Please state the number of lines in the records below that contain the string "CityJSON", and nothing further.

▶ _Data records_
--------------------------------------------------
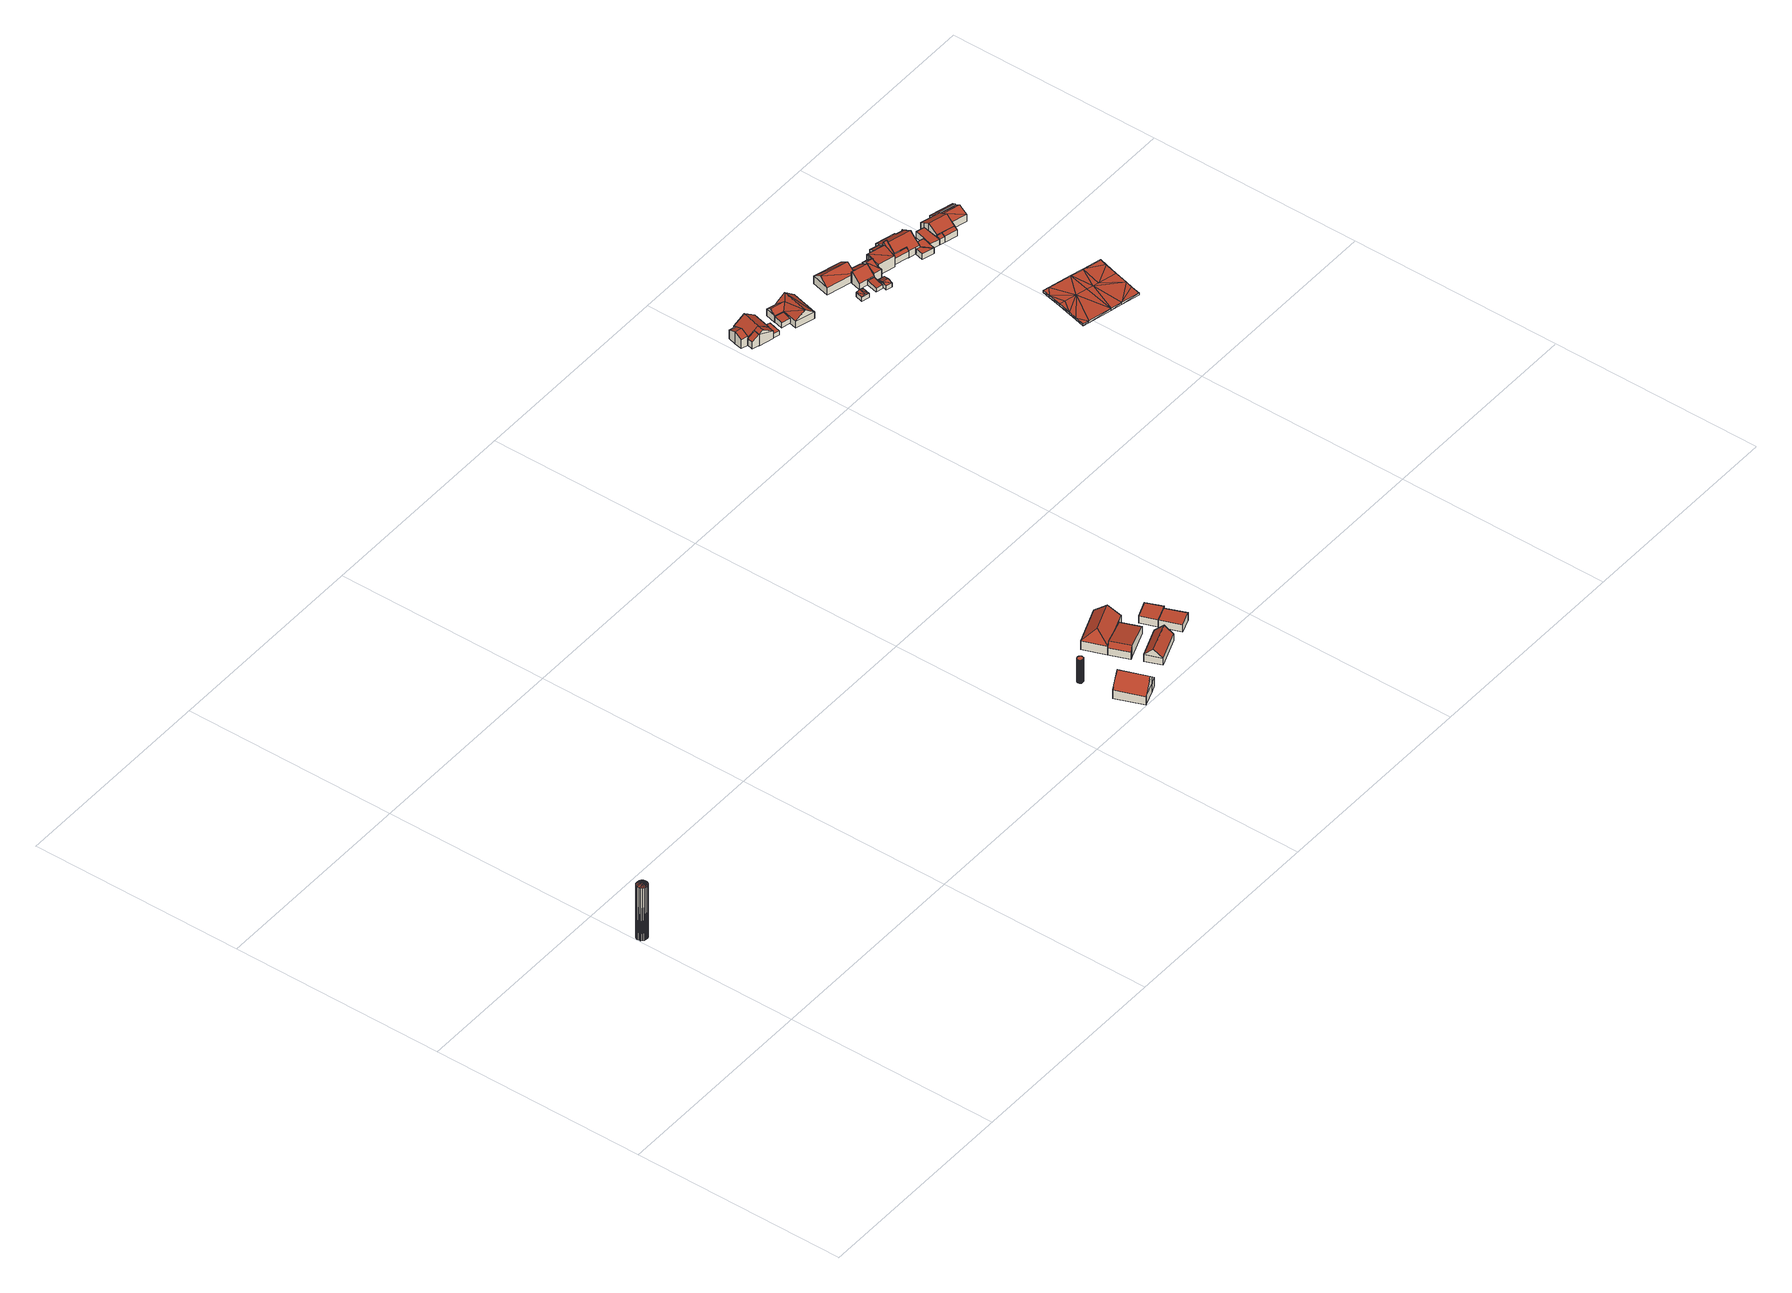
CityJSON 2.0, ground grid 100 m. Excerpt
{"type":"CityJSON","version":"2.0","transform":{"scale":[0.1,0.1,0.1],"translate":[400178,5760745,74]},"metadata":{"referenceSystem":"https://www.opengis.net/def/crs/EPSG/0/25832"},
"CityObjects":{
"building1":{"type":"Building","attributes":{"Geometrietyp2DReferenz":"1000","Gemeindeschluessel":"05515000","function":"51002_1251","roofType":"9999","measuredHeight":28.04},"geometry":[{"type":"Solid","lod":"2","boundaries":[[[[0,1,2]],[[1,3,2]],[[4,5,0]],[[5,1,0]],[[6,7,4]],[[7,5,4]],[[8,9,6]],[[9,7,6]],[[10,11,8]],[[11,9,8]],[[12,13,10]],[[13,11,10]],[[14,15,12]],[[15,13,12]],[[16,17,14]],[[17,15,14]],[[18,19,16]],[[19,17,16]],[[20,21,18]],[[21,19,18]],[[22,23,20]],[[23,21,20]],[[24,25,22]],[[25,23,22]],[[26,27,24]],[[27,25,24]],[[28,29,26]],[[29,27,26]],[[30,31,28]],[[31,29,28]],[[32,33,30]],[[33,31,30]],[[34,35,32]],[[35,33,32]],[[36,37,34]],[[37,35,34]],[[38,39,36]],[[39,37,36]],[[2,3,38]],[[3,39,38]],[[3,1,39]],[[1,5,39]],[[5,7,39]],[[7,9,39]],[[9,11,39]],[[11,13,39]],[[13,15,39]],[[15,17,39]],[[17,19,39]],[[19,21,39]],[[21,23,39]],[[23,25,39]],[[25,27,39]],[[27,29,39]],[[29,31,39]],[[31,33,39]],[[33,35,39]],[[35,37,39]],[[0,2,4]],[[2,38,4]],[[38,36,4]],[[36,34,4]],[[34,32,4]],[[32,30,4]],[[30,28,4]],[[28,26,4]],[[26,24,4]],[[24,22,4]],[[22,20,4]],[[20,18,4]],[[12,10,4]],[[18,16,4]],[[16,14,4]],[[14,12,4]],[[10,8,4]],[[8,6,4]]]],"semantics":{"surfaces":[{"type":"WallSurface"},{"type":"GroundSurface"},{"type":"RoofSurface"}],"values":[[0,0,0,0,0,0,0,0,0,0,0,0,0,0,0,0,0,0,0,0,0,0,0,0,0,0,0,0,0,0,0,0,0,0,0,0,0,0,0,0,1,1,1,1,1,1,1,1,1,1,1,1,1,1,1,1,1,1,2,2,2,2,2,2,2,2,2,2,2,2,2,2,2,2,2,2]]}}]},
"building2":{"type":"Building","attributes":{"Gemeindeschluessel":"05515000","Geometrietyp2DReferenz":"3000","function":"51003_1201","roofType":"1000","measuredHeight":12.2},"geometry":[{"type":"Solid","lod":"2","boundaries":[[[[40,41,42,43]],[[44,45,41,40]],[[46,47,45,44]],[[48,49,47,46]],[[50,51,49,48]],[[52,53,51,50]],[[54,55,53,52]],[[56,57,55,54]],[[58,59,57,56]],[[60,61,59,58]],[[62,63,61,60]],[[64,65,63,62]],[[66,67,65,64]],[[68,69,67,66]],[[70,71,69,68]],[[72,73,71,70]],[[74,75,73,72]],[[76,77,75,74]],[[78,79,77,76]],[[80,81,79,78]],[[82,83,81,80]],[[84,85,83,82]],[[86,87,85,84]],[[88,89,87,86]],[[90,91,89,88]],[[92,93,91,90]],[[94,95,93,92]],[[96,97,95,94]],[[98,99,97,96]],[[100,101,99,98]],[[102,103,101,100]],[[104,105,103,102]],[[106,107,105,104]],[[108,109,107,106]],[[110,111,109,108]],[[112,113,111,110]],[[114,115,113,112]],[[43,42,115,114]],[[112,110,108,106,104,102,100,98,96,94,92,90,88,86,84,82,80,78,76,74,72,70,68,66,64,62,60,58,56,54,52,50,48,46,44,40,43,114]],[[41,45,47,49,51,53,55,57,59,61,63,65,67,69,71,73,75,77,79,81,83,85,87,89,91,93,95,97,99,101,103,105,107,109,111,113,115,42]]]],"semantics":{"surfaces":[{"type":"WallSurface"},{"type":"RoofSurface"},{"type":"GroundSurface"}],"values":[[0,0,0,0,0,0,0,0,0,0,0,0,0,0,0,0,0,0,0,0,0,0,0,0,0,0,0,0,0,0,0,0,0,0,0,0,0,0,1,2]]}}]},
"building3":{"type":"Building","attributes":{"Gemeindeschluessel":"05515000","Geometrietyp2DReferenz":"3000","function":"31001_1000","roofType":"5000","measuredHeight":10.26},"address":[{"country":"Germany","locality":"Münster","thoroughfareNumber":"41","thoroughfareName":"Am Rüschhaus"}],"geometry":[{"type":"Solid","lod":"2","boundaries":[[[[116,117,118,119]],[[120,121,117,116]],[[122,123,121,120]],[[124,125,123,122]],[[126,127,125,124]],[[128,129,127,126]],[[119,118,129,128]],[[130,131,120,116,132]],[[133,134,135,131,130,136]],[[131,135,122,120]],[[135,134,124,122]],[[134,133,126,124]],[[133,136,128,126]],[[136,130,132,119,128]],[[132,116,119]],[[117,121,123,125,127,129,118]]]],"semantics":{"surfaces":[{"type":"WallSurface"},{"type":"RoofSurface"},{"type":"GroundSurface"}],"values":[[0,0,0,0,0,0,0,1,1,0,0,0,0,0,0,2]]}}]},
"building4":{"type":"Building","attributes":{"Gemeindeschluessel":"05515000","Geometrietyp2DReferenz":"3000","function":"31001_2700"},"children":["building4-1","building4-2"]},
"building4-1":{"type":"BuildingPart","attributes":{"roofType":"3100","measuredHeight":5.92},"parents":["building4"],"geometry":[{"type":"Solid","lod":"2","boundaries":[[[[137,138,139,140]],[[141,142,138,137]],[[143,144,142,141]],[[145,146,147,148]],[[140,139,146,145]],[[149,143,141,137,150]],[[140,145,148,151,150,137]],[[138,142,144,152,147,146,139]],[[149,150,153]],[[144,143,149,153,152]],[[153,150,151]],[[153,151,148,147,152]]]],"semantics":{"surfaces":[{"type":"WallSurface"},{"type":"RoofSurface"},{"type":"GroundSurface"},{"type":"ClosureSurface"}],"values":[[0,0,0,0,0,1,1,2,0,3,0,3]]}}]},
"building4-2":{"type":"BuildingPart","attributes":{"roofType":"5000","measuredHeight":8.75},"parents":["building4"],"geometry":[{"type":"Solid","lod":"2","boundaries":[[[[154,146,155,156]],[[157,148,147,146,154]],[[158,159,144,143,160]],[[161,162,159,158]],[[163,164,162,161]],[[156,155,164,163]],[[160,165,158]],[[149,153,151,157,154,156,163,165,160]],[[161,158,165,163]],[[146,147,152,144,159,162,164,155]],[[148,157,151]],[[149,160,143]],[[152,153,149,143,144]],[[147,148,151,153,152]]]],"semantics":{"surfaces":[{"type":"WallSurface"},{"type":"RoofSurface"},{"type":"GroundSurface"},{"type":"ClosureSurface"}],"values":[[0,0,0,0,0,0,1,1,1,2,0,0,3,3]]}}]},
"building5":{"type":"Building","attributes":{"Geometrietyp2DReferenz":"3000","Gemeindeschluessel":"05515000","function":"31001_2700","roofType":"3100","measuredHeight":7.37},"geometry":[{"type":"Solid","lod":"2","boundaries":[[[[166,167,168,169]],[[170,171,167,166]],[[172,173,171,170]],[[169,168,173,172]],[[166,174,170]],[[172,175,169]],[[169,175,174,166]],[[170,174,175,172]],[[167,171,173,168]]]],"semantics":{"surfaces":[{"type":"WallSurface"},{"type":"RoofSurface"},{"type":"GroundSurface"}],"values":[[0,0,0,0,0,0,1,1,2]]}}]},
"building6":{"type":"Building","attributes":{"Gemeindeschluessel":"05515000","Geometrietyp2DReferenz":"3000","function":"31001_2700","roofType":"1000","measuredHeight":3.72},"geometry":[{"type":"Solid","lod":"2","boundaries":[[[[176,177,178,179]],[[180,181,177,176]],[[182,183,181,180]],[[184,185,183,182]],[[186,187,185,184]],[[179,178,187,186]],[[184,182,180,176,179,186]],[[177,181,183,185,187,178]]]],"semantics":{"surfaces":[{"type":"WallSurface"},{"type":"RoofSurface"},{"type":"GroundSurface"}],"values":[[0,0,0,0,0,0,1,2]]}}]},
"building7":{"type":"Building","attributes":{"Gemeindeschluessel":"05515000","Geometrietyp2DReferenz":"3000","function":"31001_2700","roofType":"1000","measuredHeight":3.76},"geometry":[{"type":"Solid","lod":"2","boundaries":[[[[184,188,189,186]],[[190,191,188,184]],[[192,193,191,190]],[[186,189,193,192]],[[190,184,186,192]],[[188,191,193,189]]]],"semantics":{"surfaces":[{"type":"WallSurface"},{"type":"RoofSurface"},{"type":"GroundSurface"}],"values":[[0,0,0,0,1,2]]}}]},
"building8":{"type":"Building","attributes":{"Gemeindeschluessel":"05515000","Geometrietyp2DReferenz":"3000","function":"51009_1610","roofType":"2100","measuredHeight":5.85},"geometry":[{"type":"Solid","lod":"2","boundaries":[[[[194,195,196,197]],[[198,199,195,194]],[[200,201,199,198]],[[197,196,201,200]],[[198,194,197,200]],[[195,199,201,196]]]],"semantics":{"surfaces":[{"type":"WallSurface"},{"type":"RoofSurface"},{"type":"GroundSurface"}],"values":[[0,0,0,0,1,2]]}}]},
"building9":{"type":"Building","attributes":{"Gemeindeschluessel":"05515000","Geometrietyp2DReferenz":"3000","function":"31001_1000"},"address":[{"country":"Germany","locality":"Münster","thoroughfareNumber":"15","thoroughfareName":"Ernst-Wiechert-Straße"}],"children":["building9-1","building9-2","building9-3"]},
"building9-1":{"type":"BuildingPart","attributes":{"roofType":"3100","measuredHeight":6.32},"parents":["building9"],"geometry":[{"type":"Solid","lod":"2","boundaries":[[[[202,203,204,205,206]],[[207,208,203,202]],[[209,210,208,207]],[[211,212,210,209]],[[213,212,211]],[[202,206,214,207]],[[211,209,207,214]],[[215,204,203,208,210,212]],[[213,211,214,216]],[[212,213,216,215]],[[205,216,214,206]],[[204,215,216,205]]]],"semantics":{"surfaces":[{"type":"WallSurface"},{"type":"RoofSurface"},{"type":"GroundSurface"},{"type":"ClosureSurface"}],"values":[[0,0,0,0,0,1,1,2,0,3,0,3]]}}]},
"building9-2":{"type":"BuildingPart","attributes":{"roofType":"3100","measuredHeight":7.51},"parents":["building9"],"geometry":[{"type":"Solid","lod":"2","boundaries":[[[[200,217,218,197]],[[219,220,221,222]],[[197,218,220,219]],[[219,223,197]],[[197,223,224,200]],[[222,225,224,223,219]],[[217,226,221,220,218]],[[221,226,227,222]],[[226,217,200,227]],[[224,225,222,227]],[[224,227,200]]]],"semantics":{"surfaces":[{"type":"WallSurface"},{"type":"RoofSurface"},{"type":"GroundSurface"},{"type":"ClosureSurface"}],"values":[[0,0,0,0,1,1,2,3,3,3,3]]}}]},
"building9-3":{"type":"BuildingPart","attributes":{"roofType":"3100","measuredHeight":7.46},"parents":["building9"],"geometry":[{"type":"Solid","lod":"2","boundaries":[[[[205,204,217,200,228]],[[229,230,212,213]],[[231,232,230,229]],[[233,234,232,231]],[[235,236,234,233]],[[237,222,221,236,235]],[[229,213,216,205,228,224,231]],[[225,237,235,233,231,224]],[[226,217,204,215,212,230,232,234,236,221]],[[222,237,225]],[[221,222,227,226]],[[222,225,224,227]],[[200,224,228]],[[217,226,227,200]],[[227,224,200]],[[212,215,216,213]],[[215,204,205,216]]]],"semantics":{"surfaces":[{"type":"WallSurface"},{"type":"RoofSurface"},{"type":"GroundSurface"},{"type":"ClosureSurface"}],"values":[[0,0,0,0,0,0,1,1,2,0,3,3,0,3,3,3,3]]}}]},
"building10":{"type":"Building","attributes":{"Gemeindeschluessel":"05515000","Geometrietyp2DReferenz":"3000","function":"31001_2460","roofType":"1000","measuredHeight":2.27},"geometry":[{"type":"Solid","lod":"2","boundaries":[[[[238,239,240,241]],[[242,243,239,238]],[[244,245,243,242]],[[241,240,245,244]],[[242,238,241,244]],[[239,243,245,240]]]],"semantics":{"surfaces":[{"type":"WallSurface"},{"type":"RoofSurface"},{"type":"GroundSurface"}],"values":[[0,0,0,0,1,2]]}}]},
"building11":{"type":"Building","attributes":{"Gemeindeschluessel":"05515000","Geometrietyp2DReferenz":"3000","function":"51009_1610","roofType":"2100","measuredHeight":3.07},"geometry":[{"type":"Solid","lod":"2","boundaries":[[[[246,247,248,249]],[[250,251,247,246]],[[252,253,251,250]],[[249,248,253,252]],[[250,246,249,252]],[[247,251,253,248]]]],"semantics":{"surfaces":[{"type":"WallSurface"},{"type":"RoofSurface"},{"type":"GroundSurface"}],"values":[[0,0,0,0,1,2]]}}]},
"building12":{"type":"Building","attributes":{"Gemeindeschluessel":"05515000","Geometrietyp2DReferenz":"3000","function":"31001_1000","roofType":"5000","measuredHeight":7.07},"address":[{"country":"Germany","locality":"Münster","thoroughfareNumber":"13","thoroughfareName":"Ernst-Wiechert-Straße"}],"geometry":[{"type":"Solid","lod":"2","boundaries":[[[[254,255,256,257]],[[258,259,255,254]],[[260,261,259,258]],[[262,263,261,260]],[[264,265,263,262]],[[266,267,265,264]],[[268,269,267,266]],[[270,271,269,268]],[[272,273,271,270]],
--------------------------------------------------
▶ _Result of this exercise_
2